Kupang 4/42016 – Keluarga besar Suku Manbait menyatakan bahwa surat dukungan yang dikeluarkan oleh PEMDA NTT kepada PT Sasando tanpa sepengetahuan Keluarga Besar Suku Manbait selaku pemilik sah tanah ulayat tersebut. Suku Manbait merasa tidak pernah menyerahkan tanahnya kepada PT Sasando.
Keluarga Manbait menyerahkan tanah seluas 1000 Ha hanya kepada Perusahaa Negara Mekatani 07 dengan perjanjian antara Keluarga Manbait dan Pihak Perusahaan bahwa perusahaan tidak boleh menjual dan menggadaikan tanah tersebut kepada pihak mana pun.
Dalam perjalanannya Perusahaan Mekatani kemudian di Likuidasi. Total keselurahan luas lahan yang dikuasai oleh PT. Sasando seluas 225 Ha sesuai dengan Surat Dukungan Gubernur NTT Nomor : 521.3/280/83- BANG PRODA. HGU yang di keluarkan oleh PEMDA NTT tertanggal 18 Oktober 1983.
Pemerintah Propinsi Daerah Tingkat I Nusa Tenggara Timur telah menyetujui dan memberikan dukungan sepenuhnya kepada PT. SASANDO dengan penanggung jawab JO.H. HENUHILI untuk mengusahakan dan mengembangkan pertanian dalam bentuk pengolahan tanaman terpadu.
Dalam usaha pengembangan pertanian di wilayah Propinsi Daerah Tingkat I Nusa Tenggara Timur, PT Sasando sebagai perusahaan yang bergerak dalam pengolahann tanah terpadu diharuskan mematuhi beberapa ketentuan antara lain PT. Sasando harus sanggup mentaati segala persyaratan/peraturan yang berlaku. Surat dukungan gubernur tersebut penggunananya dilarang untuk orang lain dan (atau Badan Usaha Lain). PT. Sasando juga wajibkan melaporkan kegiatannya kepada Gubernur Kepala Daerah Tingkat I Nusa Tenggara Timur. Surat tersebut dibuat untuk dipergunakan sebagaimana mestinya dan berlaku selama I (satu) tahun, terhitung mulai tanggal dikeluarkannya dengan ketentuan akan dicabut apabila dikemudian hari tidak dapat dilaksanakannya.
Sementara dalam prakteknya sejak keluarnya surat dari Gubernur NTT itu, tanah adat dimaksud dibiarkan terlantar oleh PT Sasandao hingga hari ini. Maka Keluarga Besar Suku Manbait berhak untuk mengambil alih kembali tanah tersebut. Sesuai ketentuan Undang-Undang pokok Agraria No. 5 Tahun 1960 pasal 29 tentang Izin Hak Guna Usaha maksimal 25 tahun dan dalam perjalanannya dibiarkan terlantar wajib hukumnya diambil alih kembali oleh pemilik tanah ulayat yang sah.

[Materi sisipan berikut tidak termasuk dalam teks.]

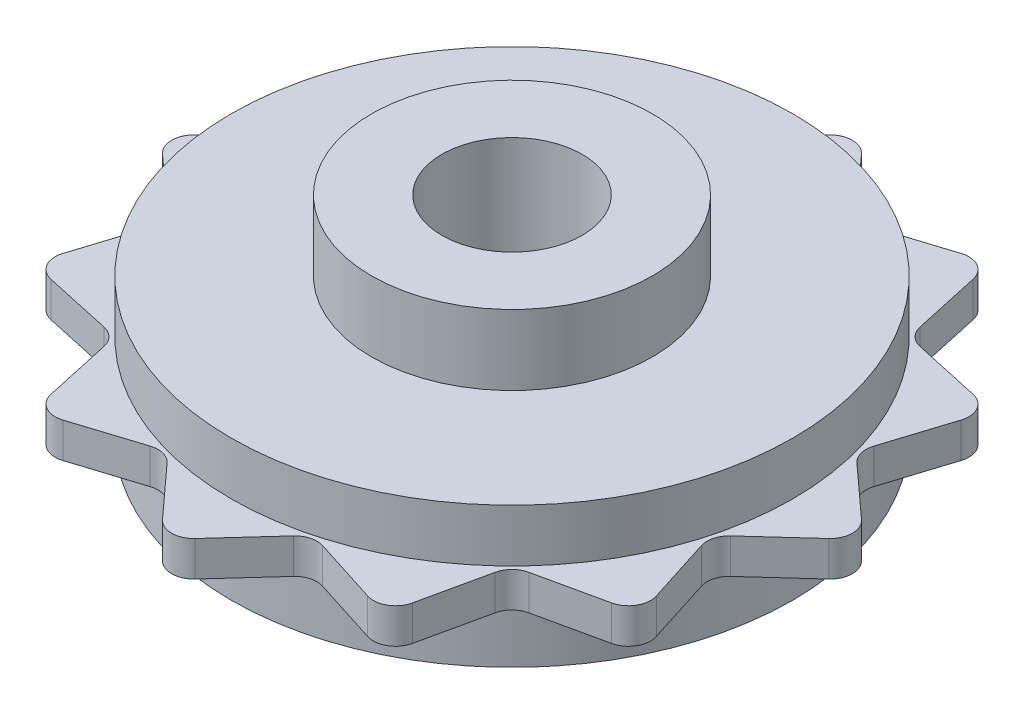
from build123d import *

# Parameters (mm, degrees)
SKETCH1_R           = 6.35
BOSS_EXTRUDE1_DEPTH = 6.35
SKETCH2_R           = 12.7
BOSS_EXTRUDE2_DEPTH = 3.175
BOSS_EXTRUDE3_DEPTH = 0.79375
CIRPATTERN1_COUNT   = 12
SKETCH4_R           = 3.175
CUT_EXTRUDE1_DEPTH  = 26.19931616


with BuildPart() as part:
    # Sketch1 → Boss-Extrude1 (new, symmetric)
    with BuildSketch(Plane(origin=(0, 0, 0), x_dir=(1, 0, 0), z_dir=(0, 1, 0))):
        with Locations(Location((0, 0, 0), (0, 0, 270))):
            Circle(SKETCH1_R)
    extrude(amount=BOSS_EXTRUDE1_DEPTH, both=True)

    # Sketch2 → Boss-Extrude2 (add, symmetric)
    with BuildSketch(Plane(origin=(0, 0, 0), x_dir=(1, 0, 0), z_dir=(0, 1, 0))):
        with Locations(Location((0, 0, 0), (0, 0, 270))):
            Circle(SKETCH2_R)
    extrude(amount=BOSS_EXTRUDE2_DEPTH, both=True)

    # Sketch3 → Boss-Extrude3 (add, symmetric)
    with BuildSketch(Plane(origin=(0, 0, 0), x_dir=(1, 0, 0), z_dir=(0, 1, 0))):
        with BuildLine():
            Line((-6.891666757, -13.415120246), (-3.89786608, -12.461780366))
            ThreePointArc((-3.89786608, -12.461780366), (-3.335621729, -12.448709767), (-2.855239137, -12.741151414))
            Line((-2.855239137, -12.741151414), (-0.739201637, -15.063668306))
            ThreePointArc((-0.739201637, -15.063668306), (-0.404051866, -15.304920203), (0, -15.390184127))
            Line((0, -15.390184127), (0, -12.7))
            Line((0, -12.7), (-6.35, -10.998522628))
            Line((-6.35, -10.998522628), (-7.695092063, -13.328290423))
            ThreePointArc((-7.695092063, -13.328290423), (-7.302540921, -13.456475632), (-6.891666757, -13.415120246))
        make_face()
    boss_extrude3 = extrude(amount=BOSS_EXTRUDE3_DEPTH, both=True)

    # CirPattern1: Boss-Extrude3 ×12 about axis
    cirpattern1_axis = Axis((0, 0, 0), (0, 1, 0))
    for i in range(1, CIRPATTERN1_COUNT):
        add(boss_extrude3.rotate(cirpattern1_axis, i * 360 / CIRPATTERN1_COUNT))

    # Sketch4 → Cut-Extrude1 (cut, through all)
    with BuildSketch(Plane(origin=(0, 6.35, 0), x_dir=(1, 0, 0), z_dir=(0, 1, 0))):
        with Locations(Location((0, 0, 0), (0, 0, 270))):
            Circle(SKETCH4_R)
    extrude(amount=-CUT_EXTRUDE1_DEPTH, mode=Mode.SUBTRACT)


solid = part.part

Mulai bulan Maret keluarga Manbait sudah menduduki lokasi tanah HGU yang di klaim PT. Sasando, tanah itu akan dihibahkan kepada warga lokal dan sanak saudara eks pengungsi Timor Leste yang sudah 17 tahun meninggalkan kampung halamannya dan belum mendapatkan kepastian hak atas tanah dari negara untuk tempat tinggal maupun untuk usaha produksi pertanian tegas bapak “Wensus Bait pemilik sah tanah ulayat tersebut. Ibu Susana Maria Babis Istri Wensus Bait menambahkan jika PT Sasando merasa tanah yang kami duduki sekarang adalah hak miliknya silahkan datang menemui keluarga besar Suku Manbait atau menempuh jalur hukum.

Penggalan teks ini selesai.